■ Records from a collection
-- Opening Marker --
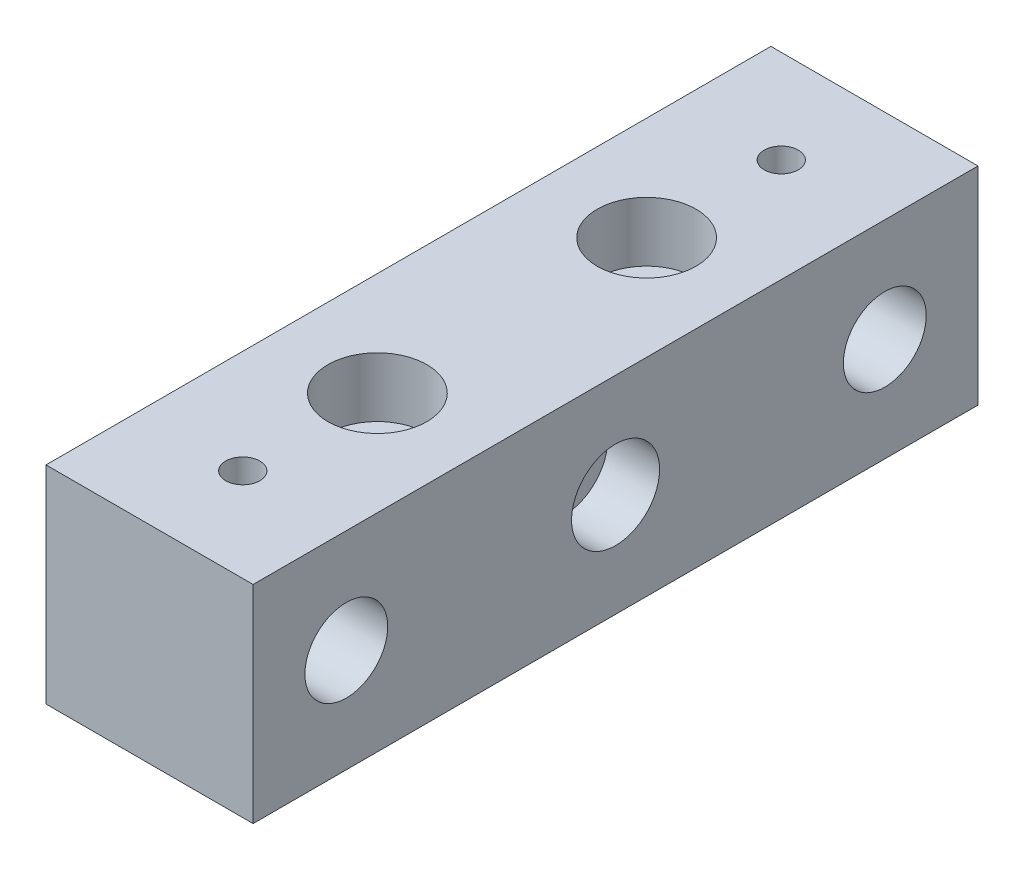
ISO-10303-21;
HEADER;
FILE_DESCRIPTION(('STEP AP214'),'2;1');
FILE_NAME('part.step','',(''),(''),'','','');
FILE_SCHEMA(('AUTOMOTIVE_DESIGN { 1 0 10303 214 1 1 1 1 }'));
ENDSEC;
DATA;
#1=APPLICATION_CONTEXT('core data for automotive mechanical design processes');
#2=APPLICATION_PROTOCOL_DEFINITION('international standard','automotive_design',2000,#1);
#3=PRODUCT_CONTEXT('',#1,'mechanical');
#4=PRODUCT('Part','Part','',(#3));
#5=PRODUCT_RELATED_PRODUCT_CATEGORY('part','',(#4));
#6=PRODUCT_DEFINITION_FORMATION('','',#4);
#7=PRODUCT_DEFINITION_CONTEXT('part definition',#1,'design');
#8=PRODUCT_DEFINITION('design','',#6,#7);
#9=PRODUCT_DEFINITION_SHAPE('','',#8);
#10=(LENGTH_UNIT() NAMED_UNIT(*) SI_UNIT(.MILLI.,.METRE.));
#11=(NAMED_UNIT(*) PLANE_ANGLE_UNIT() SI_UNIT($,.RADIAN.));
#12=(NAMED_UNIT(*) SI_UNIT($,.STERADIAN.) SOLID_ANGLE_UNIT());
#13=UNCERTAINTY_MEASURE_WITH_UNIT(LENGTH_MEASURE(1.E-05),#10,'distance_accuracy_value','');
#14=(GEOMETRIC_REPRESENTATION_CONTEXT(3) GLOBAL_UNCERTAINTY_ASSIGNED_CONTEXT((#13)) GLOBAL_UNIT_ASSIGNED_CONTEXT((#10,
#11,#12)) REPRESENTATION_CONTEXT('',''));
#15=CARTESIAN_POINT('',(0.,0.,0.));
#16=DIRECTION('',(0.,0.,1.));
#17=DIRECTION('',(1.,0.,0.));
#18=AXIS2_PLACEMENT_3D('',#15,#16,#17);
#19=CARTESIAN_POINT('',(10.,-20.,35.));
#20=DIRECTION('',(1.,0.,0.));
#21=DIRECTION('',(0.,0.,-1.));
#22=AXIS2_PLACEMENT_3D('',#19,#20,#21);
#23=PLANE('',#22);
#24=CARTESIAN_POINT('',(10.,-10.,-3.81222831080663E-11));
#25=DIRECTION('',(1.,0.,0.));
#26=DIRECTION('',(0.,0.,-1.));
#27=AXIS2_PLACEMENT_3D('',#24,#25,#26);
#28=CIRCLE('',#27,4.25000000000001);
#29=CARTESIAN_POINT('',(10.,-10.,-4.25000000003813));
#30=VERTEX_POINT('',#29);
#31=EDGE_CURVE('E161',#30,#30,#28,.T.);
#32=ORIENTED_EDGE('',*,*,#31,.F.);
#33=EDGE_LOOP('',(#32));
#34=FACE_BOUND('',#33,.T.);
#35=CARTESIAN_POINT('',(10.,-10.,25.9999999999617));
#36=DIRECTION('',(-1.,0.,0.));
#37=DIRECTION('',(0.,0.,1.));
#38=AXIS2_PLACEMENT_3D('',#35,#36,#37);
#39=CIRCLE('',#38,4.);
#40=CARTESIAN_POINT('',(10.,-10.,29.9999999999617));
#41=VERTEX_POINT('',#40);
#42=EDGE_CURVE('E170',#41,#41,#39,.T.);
#43=ORIENTED_EDGE('',*,*,#42,.T.);
#44=EDGE_LOOP('',(#43));
#45=FACE_BOUND('',#44,.T.);
#46=CARTESIAN_POINT('',(10.,-10.,-26.0000000000383));
#47=DIRECTION('',(-1.,0.,0.));
#48=DIRECTION('',(0.,0.,1.));
#49=AXIS2_PLACEMENT_3D('',#46,#47,#48);
#50=CIRCLE('',#49,4.00000000000001);
#51=CARTESIAN_POINT('',(10.,-10.,-22.0000000000383));
#52=VERTEX_POINT('',#51);
#53=EDGE_CURVE('E167',#52,#52,#50,.T.);
#54=ORIENTED_EDGE('',*,*,#53,.T.);
#55=EDGE_LOOP('',(#54));
#56=FACE_BOUND('',#55,.T.);
#57=DIRECTION('',(0.,0.,-1.));
#58=VECTOR('',#57,1.);
#59=CARTESIAN_POINT('',(10.,0.,35.));
#60=LINE('',#59,#58);
#61=CARTESIAN_POINT('',(10.,0.,35.));
#62=VERTEX_POINT('',#61);
#63=CARTESIAN_POINT('',(10.,0.,-35.));
#64=VERTEX_POINT('',#63);
#65=EDGE_CURVE('E114',#62,#64,#60,.T.);
#66=ORIENTED_EDGE('',*,*,#65,.F.);
#67=DIRECTION('',(0.,1.,0.));
#68=VECTOR('',#67,1.);
#69=CARTESIAN_POINT('',(10.,-20.,35.));
#70=LINE('',#69,#68);
#71=CARTESIAN_POINT('',(10.,-20.,35.));
#72=VERTEX_POINT('',#71);
#73=EDGE_CURVE('E11',#72,#62,#70,.T.);
#74=ORIENTED_EDGE('',*,*,#73,.F.);
#75=DIRECTION('',(0.,0.,-1.));
#76=VECTOR('',#75,1.);
#77=CARTESIAN_POINT('',(10.,-20.,35.));
#78=LINE('',#77,#76);
#79=CARTESIAN_POINT('',(10.,-20.,-35.));
#80=VERTEX_POINT('',#79);
#81=EDGE_CURVE('E108',#72,#80,#78,.T.);
#82=ORIENTED_EDGE('',*,*,#81,.T.);
#83=DIRECTION('',(0.,1.,0.));
#84=VECTOR('',#83,1.);
#85=CARTESIAN_POINT('',(10.,-20.,-35.));
#86=LINE('',#85,#84);
#87=EDGE_CURVE('E94',#80,#64,#86,.T.);
#88=ORIENTED_EDGE('',*,*,#87,.T.);
#89=EDGE_LOOP('',(#66,#74,#82,#88));
#90=FACE_BOUND('',#89,.T.);
#91=ADVANCED_FACE('F43',(#34,#45,#56,#90),#23,.T.);
#92=CARTESIAN_POINT('',(-10.,-20.,35.));
#93=DIRECTION('',(0.,0.,1.));
#94=DIRECTION('',(1.,0.,0.));
#95=AXIS2_PLACEMENT_3D('',#92,#93,#94);
#96=PLANE('',#95);
#97=DIRECTION('',(1.,0.,0.));
#98=VECTOR('',#97,1.);
#99=CARTESIAN_POINT('',(-10.,0.,35.));
#100=LINE('',#99,#98);
#101=CARTESIAN_POINT('',(-10.,0.,35.));
#102=VERTEX_POINT('',#101);
#103=EDGE_CURVE('E109',#102,#62,#100,.T.);
#104=ORIENTED_EDGE('',*,*,#103,.F.);
#105=DIRECTION('',(0.,1.,0.));
#106=VECTOR('',#105,1.);
#107=CARTESIAN_POINT('',(-10.,-20.,35.));
#108=LINE('',#107,#106);
#109=CARTESIAN_POINT('',(-10.,-20.,35.));
#110=VERTEX_POINT('',#109);
#111=EDGE_CURVE('E60',#110,#102,#108,.T.);
#112=ORIENTED_EDGE('',*,*,#111,.F.);
#113=DIRECTION('',(1.,0.,0.));
#114=VECTOR('',#113,1.);
#115=CARTESIAN_POINT('',(-10.,-20.,35.));
#116=LINE('',#115,#114);
#117=EDGE_CURVE('E102',#110,#72,#116,.T.);
#118=ORIENTED_EDGE('',*,*,#117,.T.);
#119=ORIENTED_EDGE('',*,*,#73,.T.);
#120=EDGE_LOOP('',(#104,#112,#118,#119));
#121=FACE_BOUND('',#120,.T.);
#122=ADVANCED_FACE('F153',(#121),#96,.T.);
#123=CARTESIAN_POINT('',(-10.,-20.,35.));
#124=DIRECTION('',(-1.,0.,0.));
#125=DIRECTION('',(0.,0.,1.));
#126=AXIS2_PLACEMENT_3D('',#123,#124,#125);
#127=PLANE('',#126);
#128=CARTESIAN_POINT('',(-10.,-10.,25.9999999999617));
#129=DIRECTION('',(-1.,0.,0.));
#130=DIRECTION('',(0.,0.,1.));
#131=AXIS2_PLACEMENT_3D('',#128,#129,#130);
#132=CIRCLE('',#131,4.);
#133=CARTESIAN_POINT('',(-10.,-10.,29.9999999999617));
#134=VERTEX_POINT('',#133);
#135=EDGE_CURVE('E340',#134,#134,#132,.T.);
#136=ORIENTED_EDGE('',*,*,#135,.F.);
#137=EDGE_LOOP('',(#136));
#138=FACE_BOUND('',#137,.T.);
#139=CARTESIAN_POINT('',(-10.,-10.,-26.0000000000383));
#140=DIRECTION('',(-1.,0.,0.));
#141=DIRECTION('',(0.,0.,1.));
#142=AXIS2_PLACEMENT_3D('',#139,#140,#141);
#143=CIRCLE('',#142,4.00000000000001);
#144=CARTESIAN_POINT('',(-10.,-10.,-22.0000000000383));
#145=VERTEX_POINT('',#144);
-- Closing Marker --
■ YOUR GOAL
Give back, exactly as written, the stretch from the line with "#22=AXIS2_PLACEMENT_3D('',#19,#20,#21);" through the line with "#33=EDGE_LOOP('',(#32));", and no other lines from the records above.

■ RESPONSE
#22=AXIS2_PLACEMENT_3D('',#19,#20,#21);
#23=PLANE('',#22);
#24=CARTESIAN_POINT('',(10.,-10.,-3.81222831080663E-11));
#25=DIRECTION('',(1.,0.,0.));
#26=DIRECTION('',(0.,0.,-1.));
#27=AXIS2_PLACEMENT_3D('',#24,#25,#26);
#28=CIRCLE('',#27,4.25000000000001);
#29=CARTESIAN_POINT('',(10.,-10.,-4.25000000003813));
#30=VERTEX_POINT('',#29);
#31=EDGE_CURVE('E161',#30,#30,#28,.T.);
#32=ORIENTED_EDGE('',*,*,#31,.F.);
#33=EDGE_LOOP('',(#32));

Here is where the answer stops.